There was an trunk push failure I did not notice earlier. I've republished 1.40.0 again, so you should be able to try it now. That is unlerated the the above issue, but thanks for pointing out this missing package release.

pankopon commented 1 month ago

@Lirry18 The error is probably due to a format change for advanced keyword models at least. Support for the new format was originally included in SDK releases but withdrawn due to complaints about the binary size growth, now it's only available in the "embedded speech" package that contains non-default functionality. However, documentation seems not have been updated to reflect this.

Please download the package from https://aka.ms/csspeech/iosbinaryembedded that currently points to MicrosoftCognitiveServicesSpeech-EmbeddedXCFramework-1.40.0.zip and build your application using that instead of the default package.

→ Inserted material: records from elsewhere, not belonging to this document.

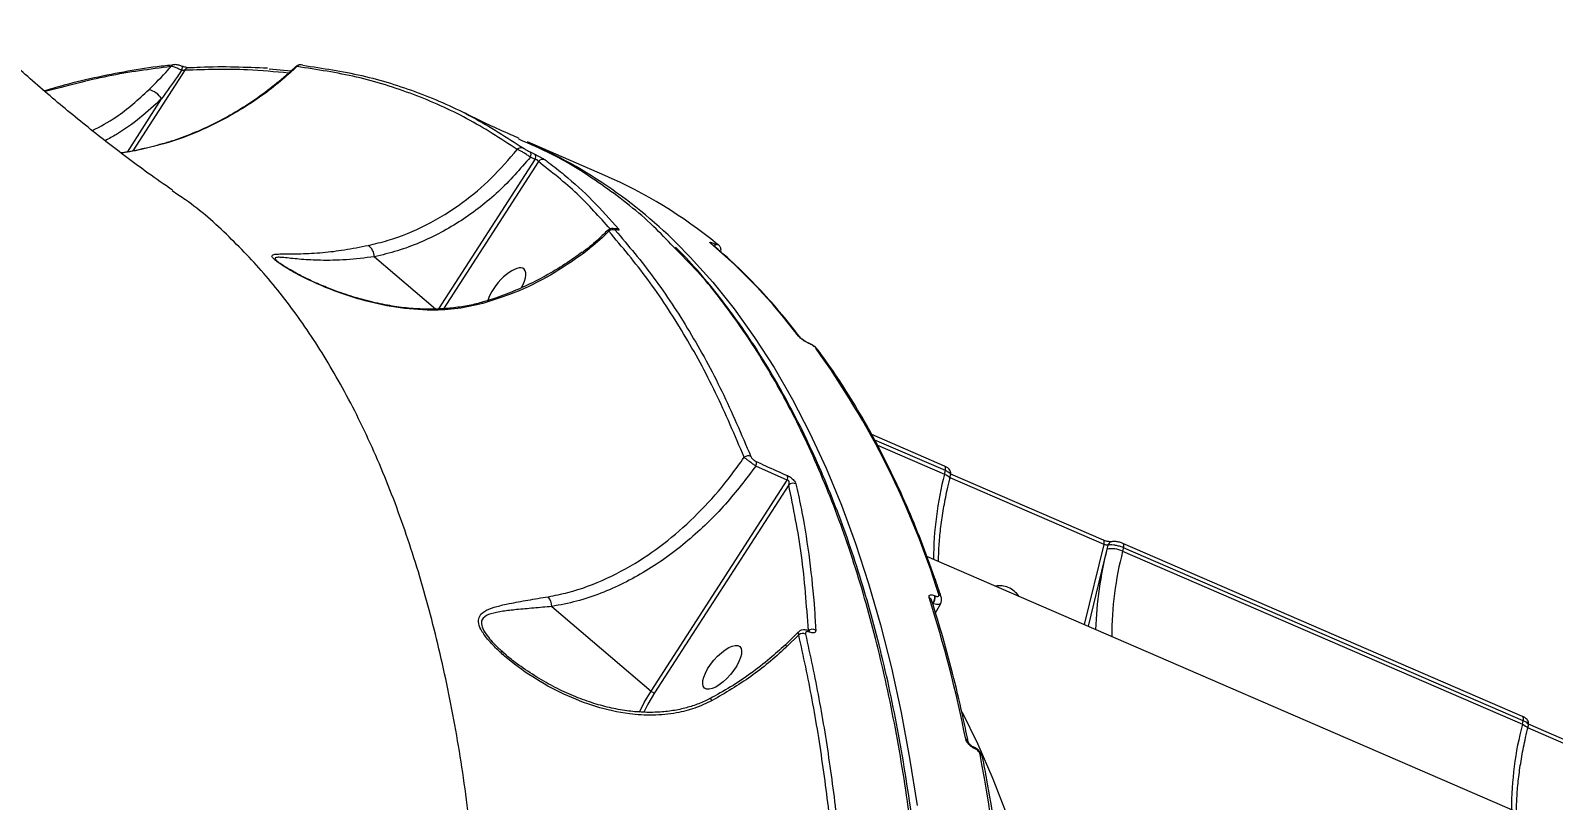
# Model space of a CAD drawing. Header units: millimetres. Extents: x -8092 to 6423, y -6886 to 5604.
# Drawn here: x 415.7 to 676.7, y -2188.3 to -2056.3 of the extents above; entities that cross this region are included whole.
import ezdxf

# ---------------------------------------------------------------- set-up
doc = ezdxf.new("R2010")
doc.units = ezdxf.units.MM
for name, color, linetype in [('DIKOM_ОБЪЕКТ', 7, 'Continuous'), ('DIKOM_РАЗМЕР_ЗОНА', 7, 'Continuous'), ('DIKOM_РАЗМЕР_ОБЪЕКТА', 7, 'Continuous')]:
    doc.layers.add(name, color=color, linetype=linetype)
doc.styles.add('style1', font='arial.ttf', dxfattribs={"width": 0.8})
doc.dimstyles.new('1-50', dxfattribs={"dimtxt": 300, "dimasz": 200, "dimexe": 100, "dimexo": 0, "dimgap": 100, "dimtad": 1, "dimtxsty": 'style1', "dimcen": 200, "dimclrd": 7, "dimclre": 7, "dimclrt": 7, "dimadec": 1, "dimazin": 2, "dimtfac": 1, "dimtmove": 0, "dimatfit": 2, "dimfxl": 0, "dimlwd": 25, "dimlwe": 18, "dimarcsym": 0})

# ---------------------------------------------------------------- blocks, each defined once
blk = doc.blocks.new('*D9')
at = {"layer": 'Defpoints', "color": 0, "transparency": 16777216}
for p in [(-8092.06, -86.27), (4664.84, -1471.84), (4664.84, -6785.92)]:
    blk.add_point(p, dxfattribs=at)
at = {"layer": 'DIKOM_РАЗМЕР_ЗОНА', "color": 7, "lineweight": 18, "transparency": 16777216}
for p, q in [((-8092.06, -86.27), (-8092.06, -6885.92)), ((4664.84, -1471.84), (4664.84, -6885.92))]:
    blk.add_line(p, q, dxfattribs=at)
at = {"layer": 'DIKOM_РАЗМЕР_ЗОНА', "color": 7, "lineweight": 25, "transparency": 16777216}
blk.add_line((-7892.06, -6785.92), (4464.84, -6785.92), dxfattribs=at)
at = {"layer": 'DIKOM_РАЗМЕР_ЗОНА', "color": 7, "transparency": 16777216}
for points in [[(-7892.06, -6752.58), (-7892.06, -6819.25), (-8092.06, -6785.92)], [(4464.84, -6752.58), (4464.84, -6819.25), (4664.84, -6785.92)]]:
    blk.add_solid(points, dxfattribs=at)
at = {"layer": 'DIKOM_РАЗМЕР_ЗОНА', "color": 7, "transparency": 16777216, "insert": (-2159.84, -6532.75), "char_height": 300, "attachment_point": 5, "style": 'style1'}
blk.add_mtext('12760', dxfattribs=at)
blk = doc.blocks.new('*D10')
at = {"layer": 'Defpoints', "color": 0, "transparency": 16777216}
for p in [(-65.22, 5603.5), (2870.75, -5504.88), (6323.39, -5504.88)]:
    blk.add_point(p, dxfattribs=at)
at = {"layer": 'DIKOM_РАЗМЕР_ЗОНА', "color": 7, "lineweight": 18, "transparency": 16777216}
for p, q in [((-65.22, 5603.5), (6423.39, 5603.5)), ((2870.75, -5504.88), (6423.39, -5504.88))]:
    blk.add_line(p, q, dxfattribs=at)
at = {"layer": 'DIKOM_РАЗМЕР_ЗОНА', "color": 7, "lineweight": 25, "transparency": 16777216}
blk.add_line((6323.39, 5403.5), (6323.39, -5304.88), dxfattribs=at)
at = {"layer": 'DIKOM_РАЗМЕР_ЗОНА', "color": 7, "transparency": 16777216}
for points in [[(6290.06, 5403.5), (6356.72, 5403.5), (6323.39, 5603.5)], [(6290.06, -5304.88), (6356.72, -5304.88), (6323.39, -5504.88)]]:
    blk.add_solid(points, dxfattribs=at)
at = {"layer": 'DIKOM_РАЗМЕР_ЗОНА', "color": 7, "transparency": 16777216, "insert": (6070.22, 308.83), "char_height": 300, "attachment_point": 5, "rotation": 90, "style": 'style1'}
blk.add_mtext('11100', dxfattribs=at)
blk = doc.blocks.new('*D11')
at = {"layer": 'Defpoints', "color": 0, "transparency": 16777216}
for p in [(-6092.06, -310.77), (2568.27, -2361.54), (2568.27, -4925.78)]:
    blk.add_point(p, dxfattribs=at)
at = {"layer": 'DIKOM_РАЗМЕР_ОБЪЕКТА', "color": 7, "lineweight": 18, "transparency": 16777216}
for p, q in [((-6092.06, -310.77), (-6092.06, -5025.78)), ((2568.27, -2361.54), (2568.27, -5025.78))]:
    blk.add_line(p, q, dxfattribs=at)
at = {"layer": 'DIKOM_РАЗМЕР_ОБЪЕКТА', "color": 7, "lineweight": 25, "transparency": 16777216}
blk.add_line((-5892.06, -4925.78), (2368.27, -4925.78), dxfattribs=at)
at = {"layer": 'DIKOM_РАЗМЕР_ОБЪЕКТА', "color": 7, "transparency": 16777216}
for points in [[(-5892.06, -4892.44), (-5892.06, -4959.11), (-6092.06, -4925.78)], [(2368.27, -4892.44), (2368.27, -4959.11), (2568.27, -4925.78)]]:
    blk.add_solid(points, dxfattribs=at)
at = {"layer": 'DIKOM_РАЗМЕР_ОБЪЕКТА', "color": 7, "transparency": 16777216, "insert": (-2605.9, -4672.61), "char_height": 300, "attachment_point": 5, "style": 'style1'}
blk.add_mtext('8660', dxfattribs=at)
blk = doc.blocks.new('*D12')
at = {"layer": 'Defpoints', "color": 0, "transparency": 16777216}
for p in [(529.59, 4103.5), (2292.6, -3779.74), (5226.02, -3779.74)]:
    blk.add_point(p, dxfattribs=at)
at = {"layer": 'DIKOM_РАЗМЕР_ОБЪЕКТА', "color": 7, "lineweight": 18, "transparency": 16777216}
for p, q in [((529.59, 4103.5), (5326.02, 4103.5)), ((2292.6, -3779.74), (5326.02, -3779.74))]:
    blk.add_line(p, q, dxfattribs=at)
at = {"layer": 'DIKOM_РАЗМЕР_ОБЪЕКТА', "color": 7, "lineweight": 25, "transparency": 16777216}
blk.add_line((5226.02, 3903.5), (5226.02, -3579.74), dxfattribs=at)
at = {"layer": 'DIKOM_РАЗМЕР_ОБЪЕКТА', "color": 7, "transparency": 16777216}
for points in [[(5192.69, 3903.5), (5259.35, 3903.5), (5226.02, 4103.5)], [(5192.69, -3579.74), (5259.35, -3579.74), (5226.02, -3779.74)]]:
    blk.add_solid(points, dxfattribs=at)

Lirry18 commented 1 month ago

@pankopon , Thanks I will try that out then! Will this be in the official SDK 1.40 as well?

pankopon commented 1 month ago

@Lirry18 MicrosoftCognitiveServicesSpeech-EmbeddedXCFramework-1.40.0.zip is an official 1.40.0 release package, it's just an alternative to the default MicrosoftCognitiveServicesSpeech-XCFramework-1.40.0.zip (from https://aka.ms/csspeech/iosbinary) due to the mentioned binary size difference for keyword support and because most customers don't use embedded speech.

github-actions[bot] commented 1 week ago

This item has been open without activity for 19 days. Provide a comment on status and remove "update needed" label.